It's getting tiring seeing 3D model generation papers throwing around "high quality" to describe their output then glossing over nearly all of the qualities of a high quality 3D model in actual production contexts. Have they figured out how to produce usable topology yet? They don't talk about that, so probably not.
3D artists are begging for AI tools which automate specific tedious but necessary tasks like retopo and UV unwrapping, but tools like the OP do the opposite, skipping over those details to produce a poorly executed "final" result and leaving the user to reverse engineer the model in an attempt to salvage the mess it made.
If gen3D is going to be a thing then they need to listen to the people actually doing 3D work, not just chase benchmarks invented by other gen3D researchers. Some commentary on a similar paper about how they are trying to solve the wrong problems: https://x.com/rms80/status/1801362145600254211
> Have they figured out how to produce usable topology yet?
One recent attempt at it is Mesh Anything [1], which tries to generate triangle meshes with sensible topology[2] for a given point cloud - but it's still in the early stages, it can fail somewhat dramatically on meshes with smooth and concave parts [3] and it has a hard cap on the number of triangles it can generate.
> If gen3D is going to be a thing then they need to listen to the people actually doing 3D work, not just chasing benchmarks invented by other gen3D researchers.

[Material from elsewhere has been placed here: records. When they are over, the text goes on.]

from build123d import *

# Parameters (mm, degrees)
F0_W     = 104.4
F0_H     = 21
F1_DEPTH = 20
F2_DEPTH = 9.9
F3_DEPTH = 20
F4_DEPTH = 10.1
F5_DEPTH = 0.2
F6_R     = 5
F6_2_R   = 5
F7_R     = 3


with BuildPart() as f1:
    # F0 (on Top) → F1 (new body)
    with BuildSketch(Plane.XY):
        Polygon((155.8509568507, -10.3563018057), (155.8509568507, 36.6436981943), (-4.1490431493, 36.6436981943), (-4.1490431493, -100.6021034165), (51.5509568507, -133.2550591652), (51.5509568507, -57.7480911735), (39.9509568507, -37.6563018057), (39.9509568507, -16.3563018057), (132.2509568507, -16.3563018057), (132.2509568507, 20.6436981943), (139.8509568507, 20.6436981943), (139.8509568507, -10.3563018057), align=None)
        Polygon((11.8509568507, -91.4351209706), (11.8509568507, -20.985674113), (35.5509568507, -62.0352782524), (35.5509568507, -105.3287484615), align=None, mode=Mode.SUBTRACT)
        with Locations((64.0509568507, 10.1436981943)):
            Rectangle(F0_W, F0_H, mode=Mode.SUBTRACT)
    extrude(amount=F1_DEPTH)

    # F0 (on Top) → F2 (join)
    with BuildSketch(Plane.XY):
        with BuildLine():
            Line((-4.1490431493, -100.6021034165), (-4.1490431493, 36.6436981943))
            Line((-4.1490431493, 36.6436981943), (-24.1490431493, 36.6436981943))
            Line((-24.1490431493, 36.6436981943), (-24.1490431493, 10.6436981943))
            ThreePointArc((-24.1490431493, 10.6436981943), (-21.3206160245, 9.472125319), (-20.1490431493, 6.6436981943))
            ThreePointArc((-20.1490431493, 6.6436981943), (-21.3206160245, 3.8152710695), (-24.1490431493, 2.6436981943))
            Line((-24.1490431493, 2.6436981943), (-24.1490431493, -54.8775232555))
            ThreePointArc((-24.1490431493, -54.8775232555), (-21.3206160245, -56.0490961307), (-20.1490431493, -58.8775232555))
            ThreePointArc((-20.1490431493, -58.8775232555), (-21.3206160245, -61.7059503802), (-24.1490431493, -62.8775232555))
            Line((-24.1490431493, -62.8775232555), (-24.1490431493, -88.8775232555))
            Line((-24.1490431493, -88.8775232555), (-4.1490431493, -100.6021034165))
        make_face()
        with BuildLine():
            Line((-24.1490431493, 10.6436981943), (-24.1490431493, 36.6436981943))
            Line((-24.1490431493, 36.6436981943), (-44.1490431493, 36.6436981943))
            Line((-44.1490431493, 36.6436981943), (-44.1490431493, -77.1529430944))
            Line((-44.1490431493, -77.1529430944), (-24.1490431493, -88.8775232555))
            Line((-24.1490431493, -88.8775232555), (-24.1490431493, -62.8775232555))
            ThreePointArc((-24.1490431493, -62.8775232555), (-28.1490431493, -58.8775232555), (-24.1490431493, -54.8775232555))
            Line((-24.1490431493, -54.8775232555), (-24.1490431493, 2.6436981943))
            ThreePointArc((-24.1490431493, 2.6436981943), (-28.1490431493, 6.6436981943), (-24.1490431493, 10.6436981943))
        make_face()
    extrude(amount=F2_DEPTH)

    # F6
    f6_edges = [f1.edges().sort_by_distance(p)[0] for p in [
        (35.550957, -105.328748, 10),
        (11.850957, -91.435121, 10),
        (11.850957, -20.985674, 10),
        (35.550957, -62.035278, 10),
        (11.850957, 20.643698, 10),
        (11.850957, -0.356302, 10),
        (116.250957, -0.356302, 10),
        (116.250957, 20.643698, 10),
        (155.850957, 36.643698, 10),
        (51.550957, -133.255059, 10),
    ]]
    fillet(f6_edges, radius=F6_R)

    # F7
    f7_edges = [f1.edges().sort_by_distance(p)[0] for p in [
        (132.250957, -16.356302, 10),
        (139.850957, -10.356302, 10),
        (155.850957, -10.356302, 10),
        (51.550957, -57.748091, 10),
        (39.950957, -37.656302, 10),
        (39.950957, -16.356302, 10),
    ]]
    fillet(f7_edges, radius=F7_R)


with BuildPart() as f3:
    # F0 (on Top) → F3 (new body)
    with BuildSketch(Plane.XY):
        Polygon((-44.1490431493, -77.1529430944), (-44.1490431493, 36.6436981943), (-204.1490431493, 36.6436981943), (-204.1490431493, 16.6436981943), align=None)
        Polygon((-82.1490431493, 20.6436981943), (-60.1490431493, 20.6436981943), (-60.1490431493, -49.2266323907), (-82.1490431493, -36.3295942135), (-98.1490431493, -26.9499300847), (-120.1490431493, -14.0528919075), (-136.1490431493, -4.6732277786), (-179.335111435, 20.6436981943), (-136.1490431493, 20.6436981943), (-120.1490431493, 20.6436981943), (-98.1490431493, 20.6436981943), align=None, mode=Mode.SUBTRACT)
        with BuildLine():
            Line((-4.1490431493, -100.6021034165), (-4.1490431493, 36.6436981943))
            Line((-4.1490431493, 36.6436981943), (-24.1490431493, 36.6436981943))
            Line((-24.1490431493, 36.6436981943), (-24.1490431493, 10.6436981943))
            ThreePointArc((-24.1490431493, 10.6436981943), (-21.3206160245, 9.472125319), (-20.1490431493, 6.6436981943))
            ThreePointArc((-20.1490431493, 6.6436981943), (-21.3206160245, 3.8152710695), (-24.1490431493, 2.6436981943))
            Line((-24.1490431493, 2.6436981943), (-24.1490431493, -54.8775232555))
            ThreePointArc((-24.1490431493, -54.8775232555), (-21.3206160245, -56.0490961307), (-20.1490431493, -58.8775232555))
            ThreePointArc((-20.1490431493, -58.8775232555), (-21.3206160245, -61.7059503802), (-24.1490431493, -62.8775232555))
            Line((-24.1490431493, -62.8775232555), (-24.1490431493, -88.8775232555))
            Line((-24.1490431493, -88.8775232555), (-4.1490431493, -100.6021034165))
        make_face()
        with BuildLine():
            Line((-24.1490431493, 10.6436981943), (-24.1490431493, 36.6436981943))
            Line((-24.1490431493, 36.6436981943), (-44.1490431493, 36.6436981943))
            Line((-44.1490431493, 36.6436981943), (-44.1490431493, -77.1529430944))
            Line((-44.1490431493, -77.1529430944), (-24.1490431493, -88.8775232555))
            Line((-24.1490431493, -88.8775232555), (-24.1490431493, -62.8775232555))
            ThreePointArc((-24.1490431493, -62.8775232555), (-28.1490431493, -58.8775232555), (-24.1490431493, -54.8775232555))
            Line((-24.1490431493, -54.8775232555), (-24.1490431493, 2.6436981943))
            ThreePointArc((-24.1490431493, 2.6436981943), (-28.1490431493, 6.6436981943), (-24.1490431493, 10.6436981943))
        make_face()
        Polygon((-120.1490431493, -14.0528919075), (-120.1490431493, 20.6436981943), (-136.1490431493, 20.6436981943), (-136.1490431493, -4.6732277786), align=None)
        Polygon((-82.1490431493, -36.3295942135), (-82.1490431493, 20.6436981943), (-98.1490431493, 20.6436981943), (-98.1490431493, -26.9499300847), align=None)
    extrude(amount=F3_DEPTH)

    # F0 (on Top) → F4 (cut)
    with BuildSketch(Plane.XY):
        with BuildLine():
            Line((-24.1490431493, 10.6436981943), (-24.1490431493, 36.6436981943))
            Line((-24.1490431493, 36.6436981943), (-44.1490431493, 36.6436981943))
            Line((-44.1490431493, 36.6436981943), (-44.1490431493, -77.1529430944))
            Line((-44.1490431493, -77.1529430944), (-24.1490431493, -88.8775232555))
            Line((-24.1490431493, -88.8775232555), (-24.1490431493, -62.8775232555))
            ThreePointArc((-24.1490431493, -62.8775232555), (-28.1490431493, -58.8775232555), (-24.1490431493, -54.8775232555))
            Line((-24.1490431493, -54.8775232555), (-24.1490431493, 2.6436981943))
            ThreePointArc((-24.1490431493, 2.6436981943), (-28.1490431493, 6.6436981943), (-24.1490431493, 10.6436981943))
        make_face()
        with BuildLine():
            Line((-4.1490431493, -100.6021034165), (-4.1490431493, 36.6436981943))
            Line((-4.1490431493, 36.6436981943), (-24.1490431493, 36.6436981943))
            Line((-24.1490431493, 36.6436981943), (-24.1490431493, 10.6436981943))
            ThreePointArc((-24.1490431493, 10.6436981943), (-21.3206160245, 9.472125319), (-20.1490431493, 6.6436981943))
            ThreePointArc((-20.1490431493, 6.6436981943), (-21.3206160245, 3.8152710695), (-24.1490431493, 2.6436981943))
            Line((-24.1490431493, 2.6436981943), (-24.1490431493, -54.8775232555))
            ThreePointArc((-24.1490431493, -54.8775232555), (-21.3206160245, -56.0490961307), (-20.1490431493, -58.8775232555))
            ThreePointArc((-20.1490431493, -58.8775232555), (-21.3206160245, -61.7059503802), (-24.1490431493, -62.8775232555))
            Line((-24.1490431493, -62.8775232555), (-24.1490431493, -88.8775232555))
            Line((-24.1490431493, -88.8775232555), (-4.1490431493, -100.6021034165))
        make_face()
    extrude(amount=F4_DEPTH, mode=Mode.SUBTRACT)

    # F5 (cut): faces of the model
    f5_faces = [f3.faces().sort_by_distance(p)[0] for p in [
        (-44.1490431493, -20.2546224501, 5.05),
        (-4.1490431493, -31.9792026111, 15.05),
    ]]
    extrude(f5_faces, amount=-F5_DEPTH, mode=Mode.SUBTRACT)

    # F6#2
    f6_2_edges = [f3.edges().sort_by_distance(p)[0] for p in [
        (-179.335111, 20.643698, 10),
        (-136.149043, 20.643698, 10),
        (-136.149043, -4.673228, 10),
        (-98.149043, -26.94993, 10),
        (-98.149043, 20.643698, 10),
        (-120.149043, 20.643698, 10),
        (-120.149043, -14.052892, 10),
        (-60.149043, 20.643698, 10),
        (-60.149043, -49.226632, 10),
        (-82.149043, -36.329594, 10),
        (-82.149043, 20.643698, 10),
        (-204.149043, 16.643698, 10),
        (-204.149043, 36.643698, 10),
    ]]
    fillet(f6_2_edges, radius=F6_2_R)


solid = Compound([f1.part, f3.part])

This has been an issue for much longer than generative AI. In graphics, Siggraph papers have been publishing fully automated methods claiming “high quality” for decades that produce lower quality than human created assets or human-in-the-loop tools. Same is true of lots of other things in computer science, academics is just prone to over-automating because it’s fun and clever and because we can.
This is probably the natural course of events. People publishing papers and projects are going for maximum wow, not for maximum quality. Often this is smart grad students in school, and they have no access to 3d professionals, and need to get something published asap to meet funding/graduation goals.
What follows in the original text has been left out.